### Problem
Write out each record below exactly, but not the pictures.

### Supplied material
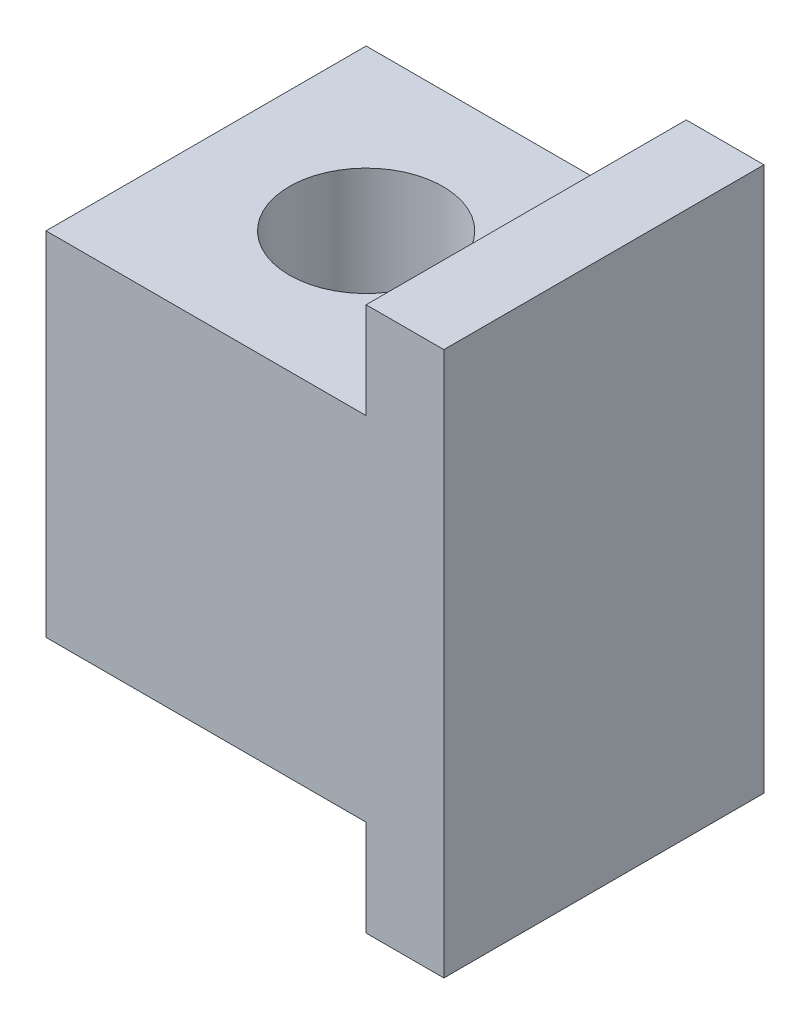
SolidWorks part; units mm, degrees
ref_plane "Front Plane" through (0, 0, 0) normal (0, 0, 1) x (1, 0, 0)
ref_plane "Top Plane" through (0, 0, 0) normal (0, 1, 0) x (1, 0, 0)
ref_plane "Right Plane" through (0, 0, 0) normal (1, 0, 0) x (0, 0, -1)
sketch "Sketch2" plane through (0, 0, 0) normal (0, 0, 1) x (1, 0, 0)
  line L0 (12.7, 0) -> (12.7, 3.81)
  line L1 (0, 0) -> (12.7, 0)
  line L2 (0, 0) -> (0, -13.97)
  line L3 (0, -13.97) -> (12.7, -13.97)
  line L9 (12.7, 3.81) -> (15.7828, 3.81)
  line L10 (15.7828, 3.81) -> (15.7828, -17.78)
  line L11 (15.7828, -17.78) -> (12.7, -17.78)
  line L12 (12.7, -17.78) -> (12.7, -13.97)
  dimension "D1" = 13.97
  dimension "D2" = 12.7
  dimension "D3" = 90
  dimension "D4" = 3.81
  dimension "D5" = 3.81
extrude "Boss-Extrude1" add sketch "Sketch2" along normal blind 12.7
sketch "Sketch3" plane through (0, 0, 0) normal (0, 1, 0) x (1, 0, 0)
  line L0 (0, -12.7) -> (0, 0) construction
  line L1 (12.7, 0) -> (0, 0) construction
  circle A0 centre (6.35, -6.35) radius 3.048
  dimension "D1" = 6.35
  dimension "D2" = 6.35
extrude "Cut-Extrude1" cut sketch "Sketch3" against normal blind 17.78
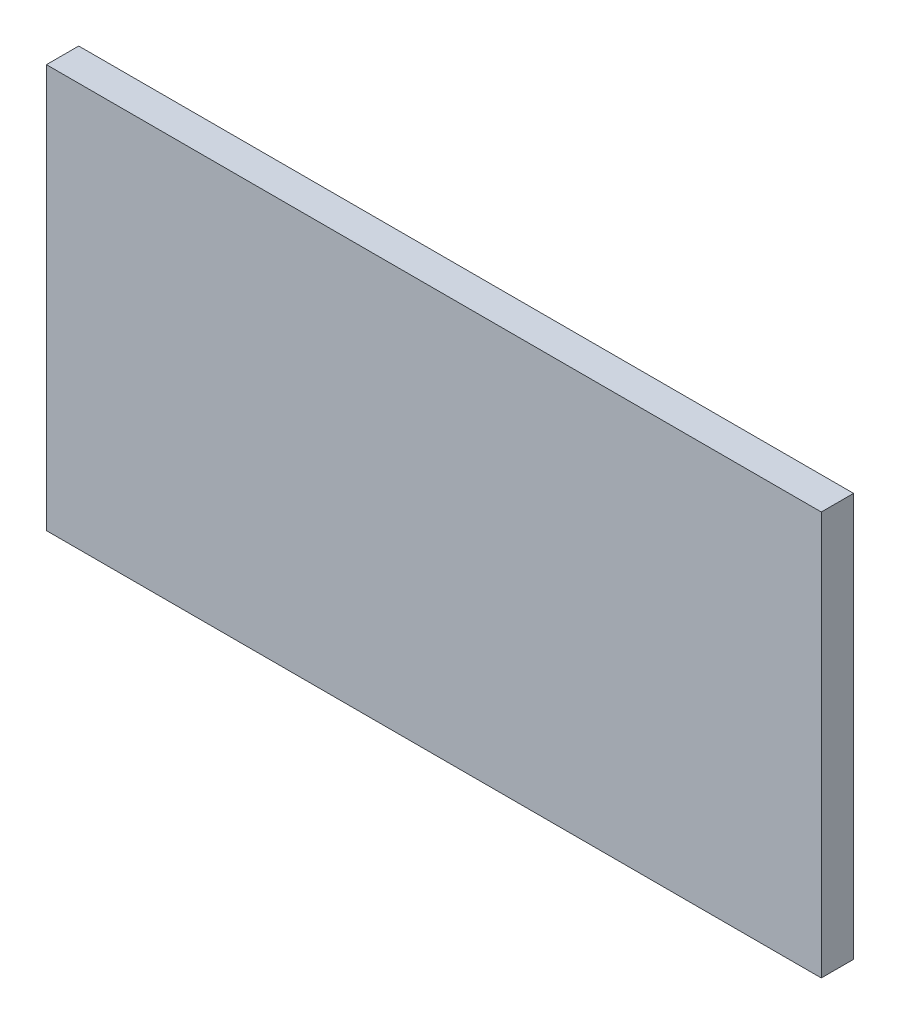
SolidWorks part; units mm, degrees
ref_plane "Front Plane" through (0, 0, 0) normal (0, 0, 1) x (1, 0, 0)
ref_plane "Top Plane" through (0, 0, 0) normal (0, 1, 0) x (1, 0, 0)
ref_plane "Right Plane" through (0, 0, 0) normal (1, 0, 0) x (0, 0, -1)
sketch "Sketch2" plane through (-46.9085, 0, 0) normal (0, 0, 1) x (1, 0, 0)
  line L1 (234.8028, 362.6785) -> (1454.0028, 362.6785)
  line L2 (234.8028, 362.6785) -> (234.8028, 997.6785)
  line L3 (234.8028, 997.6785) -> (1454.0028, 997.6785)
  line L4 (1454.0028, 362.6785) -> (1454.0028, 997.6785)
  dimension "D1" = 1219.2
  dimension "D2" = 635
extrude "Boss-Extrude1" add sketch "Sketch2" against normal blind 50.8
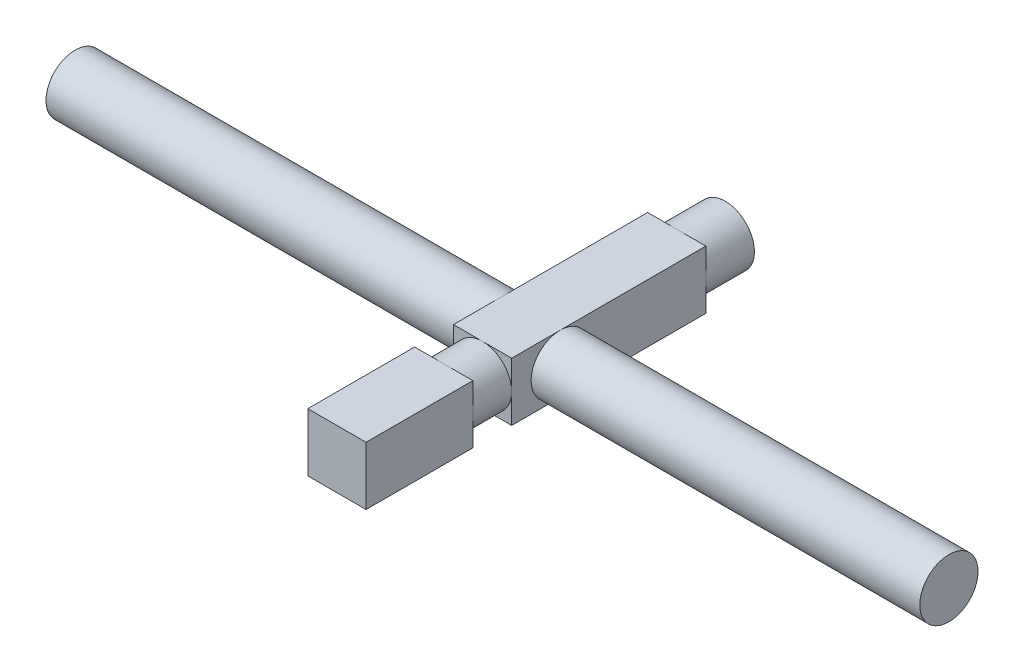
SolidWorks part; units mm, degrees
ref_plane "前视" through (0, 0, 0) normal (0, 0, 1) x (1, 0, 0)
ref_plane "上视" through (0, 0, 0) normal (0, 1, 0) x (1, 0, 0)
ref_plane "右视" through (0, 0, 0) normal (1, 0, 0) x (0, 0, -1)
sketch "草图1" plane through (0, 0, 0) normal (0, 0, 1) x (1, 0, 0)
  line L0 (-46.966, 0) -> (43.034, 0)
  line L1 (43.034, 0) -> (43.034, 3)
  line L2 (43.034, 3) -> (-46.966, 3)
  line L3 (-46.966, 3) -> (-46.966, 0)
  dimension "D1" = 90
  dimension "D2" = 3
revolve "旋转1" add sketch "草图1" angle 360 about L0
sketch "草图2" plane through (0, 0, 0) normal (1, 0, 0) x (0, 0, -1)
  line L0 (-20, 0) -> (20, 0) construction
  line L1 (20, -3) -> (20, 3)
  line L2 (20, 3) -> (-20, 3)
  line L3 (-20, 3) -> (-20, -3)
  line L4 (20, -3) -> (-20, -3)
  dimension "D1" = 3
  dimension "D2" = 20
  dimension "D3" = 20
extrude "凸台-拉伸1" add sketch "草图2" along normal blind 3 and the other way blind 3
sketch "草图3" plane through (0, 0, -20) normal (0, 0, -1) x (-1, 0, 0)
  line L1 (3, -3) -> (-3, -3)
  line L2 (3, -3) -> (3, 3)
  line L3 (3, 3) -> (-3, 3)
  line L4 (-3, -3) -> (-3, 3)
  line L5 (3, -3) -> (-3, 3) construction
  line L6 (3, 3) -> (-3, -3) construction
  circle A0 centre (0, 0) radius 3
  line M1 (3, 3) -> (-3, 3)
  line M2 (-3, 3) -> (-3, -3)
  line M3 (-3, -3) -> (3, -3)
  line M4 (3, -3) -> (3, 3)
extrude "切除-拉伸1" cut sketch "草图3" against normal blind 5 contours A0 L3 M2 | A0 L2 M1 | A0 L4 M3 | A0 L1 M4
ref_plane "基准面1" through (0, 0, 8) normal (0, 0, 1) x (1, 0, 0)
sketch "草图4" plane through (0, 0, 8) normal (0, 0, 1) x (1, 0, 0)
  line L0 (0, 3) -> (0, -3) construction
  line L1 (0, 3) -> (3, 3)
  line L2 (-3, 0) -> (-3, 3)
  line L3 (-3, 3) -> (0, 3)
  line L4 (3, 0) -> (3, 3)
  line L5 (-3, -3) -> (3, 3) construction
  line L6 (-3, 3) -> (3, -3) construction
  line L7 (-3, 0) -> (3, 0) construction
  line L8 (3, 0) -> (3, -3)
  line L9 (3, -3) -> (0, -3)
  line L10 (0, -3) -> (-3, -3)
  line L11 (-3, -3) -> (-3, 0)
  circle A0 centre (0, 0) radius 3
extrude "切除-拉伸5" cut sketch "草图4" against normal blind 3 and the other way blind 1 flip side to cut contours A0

### The answer
SolidWorks part; units mm, degrees
ref_plane "Front Plane" through (0, 0, 0) normal (0, 0, 1) x (1, 0, 0)
ref_plane "Top Plane" through (0, 0, 0) normal (0, 1, 0) x (1, 0, 0)
ref_plane "Right Plane" through (0, 0, 0) normal (1, 0, 0) x (0, 0, -1)
sketch "Sketch2" plane through (0, 0, 0) normal (0, 0, 1) x (1, 0, 0)
  line L0 (12.7, 0) -> (12.7, 3.81)
  line L1 (0, 0) -> (12.7, 0)
  line L2 (0, 0) -> (0, -13.97)
  line L3 (0, -13.97) -> (12.7, -13.97)
  line L9 (12.7, 3.81) -> (15.7828, 3.81)
  line L10 (15.7828, 3.81) -> (15.7828, -17.78)
  line L11 (15.7828, -17.78) -> (12.7, -17.78)
  line L12 (12.7, -17.78) -> (12.7, -13.97)
  dimension "D1" = 13.97
  dimension "D2" = 12.7
  dimension "D3" = 90
  dimension "D4" = 3.81
  dimension "D5" = 3.81
extrude "Boss-Extrude1" add sketch "Sketch2" along normal blind 12.7
sketch "Sketch3" plane through (0, 0, 0) normal (0, 1, 0) x (1, 0, 0)
  line L0 (0, -12.7) -> (0, 0) construction
  line L1 (12.7, 0) -> (0, 0) construction
  circle A0 centre (6.35, -6.35) radius 3.048
  dimension "D1" = 6.35
  dimension "D2" = 6.35
extrude "Cut-Extrude1" cut sketch "Sketch3" against normal blind 17.78
SolidWorks part; units mm, degrees
ref_plane "Front Plane" through (0, 0, 0) normal (0, 0, 1) x (1, 0, 0)
ref_plane "Top Plane" through (0, 0, 0) normal (0, 1, 0) x (1, 0, 0)
ref_plane "Right Plane" through (0, 0, 0) normal (1, 0, 0) x (0, 0, -1)
sketch "Sketch2" plane through (-46.9085, 0, 0) normal (0, 0, 1) x (1, 0, 0)
  line L1 (234.8028, 362.6785) -> (1454.0028, 362.6785)
  line L2 (234.8028, 362.6785) -> (234.8028, 997.6785)
  line L3 (234.8028, 997.6785) -> (1454.0028, 997.6785)
  line L4 (1454.0028, 362.6785) -> (1454.0028, 997.6785)
  dimension "D1" = 1219.2
  dimension "D2" = 635
extrude "Boss-Extrude1" add sketch "Sketch2" against normal blind 50.8
SolidWorks part; units mm, degrees
ref_plane "前视" through (0, 0, 0) normal (0, 0, 1) x (1, 0, 0)
ref_plane "上视" through (0, 0, 0) normal (0, 1, 0) x (1, 0, 0)
ref_plane "右视" through (0, 0, 0) normal (1, 0, 0) x (0, 0, -1)
sketch "草图1" plane through (0, 0, 0) normal (0, 0, 1) x (1, 0, 0)
  line L0 (-46.966, 0) -> (43.034, 0)
  line L1 (43.034, 0) -> (43.034, 3)
  line L2 (43.034, 3) -> (-46.966, 3)
  line L3 (-46.966, 3) -> (-46.966, 0)
  dimension "D1" = 90
  dimension "D2" = 3
revolve "旋转1" add sketch "草图1" angle 360 about L0
sketch "草图2" plane through (0, 0, 0) normal (1, 0, 0) x (0, 0, -1)
  line L0 (-20, 0) -> (20, 0) construction
  line L1 (20, -3) -> (20, 3)
  line L2 (20, 3) -> (-20, 3)
  line L3 (-20, 3) -> (-20, -3)
  line L4 (20, -3) -> (-20, -3)
  dimension "D1" = 3
  dimension "D2" = 20
  dimension "D3" = 20
extrude "凸台-拉伸1" add sketch "草图2" along normal blind 3 and the other way blind 3
sketch "草图3" plane through (0, 0, -20) normal (0, 0, -1) x (-1, 0, 0)
  line L1 (3, -3) -> (-3, -3)
  line L2 (3, -3) -> (3, 3)
  line L3 (3, 3) -> (-3, 3)
  line L4 (-3, -3) -> (-3, 3)
  line L5 (3, -3) -> (-3, 3) construction
  line L6 (3, 3) -> (-3, -3) construction
  circle A0 centre (0, 0) radius 3
  line M1 (3, 3) -> (-3, 3)
  line M2 (-3, 3) -> (-3, -3)
  line M3 (-3, -3) -> (3, -3)
  line M4 (3, -3) -> (3, 3)
extrude "切除-拉伸1" cut sketch "草图3" against normal blind 5 contours A0 L3 M2 | A0 L2 M1 | A0 L4 M3 | A0 L1 M4
ref_plane "基准面1" through (0, 0, 8) normal (0, 0, 1) x (1, 0, 0)
sketch "草图4" plane through (0, 0, 8) normal (0, 0, 1) x (1, 0, 0)
  line L0 (0, 3) -> (0, -3) construction
  line L1 (0, 3) -> (3, 3)
  line L2 (-3, 0) -> (-3, 3)
  line L3 (-3, 3) -> (0, 3)
  line L4 (3, 0) -> (3, 3)
  line L5 (-3, -3) -> (3, 3) construction
  line L6 (-3, 3) -> (3, -3) construction
  line L7 (-3, 0) -> (3, 0) construction
  line L8 (3, 0) -> (3, -3)
  line L9 (3, -3) -> (0, -3)
  line L10 (0, -3) -> (-3, -3)
  line L11 (-3, -3) -> (-3, 0)
  circle A0 centre (0, 0) radius 3
extrude "切除-拉伸5" cut sketch "草图4" against normal blind 3 and the other way blind 1 flip side to cut contours A0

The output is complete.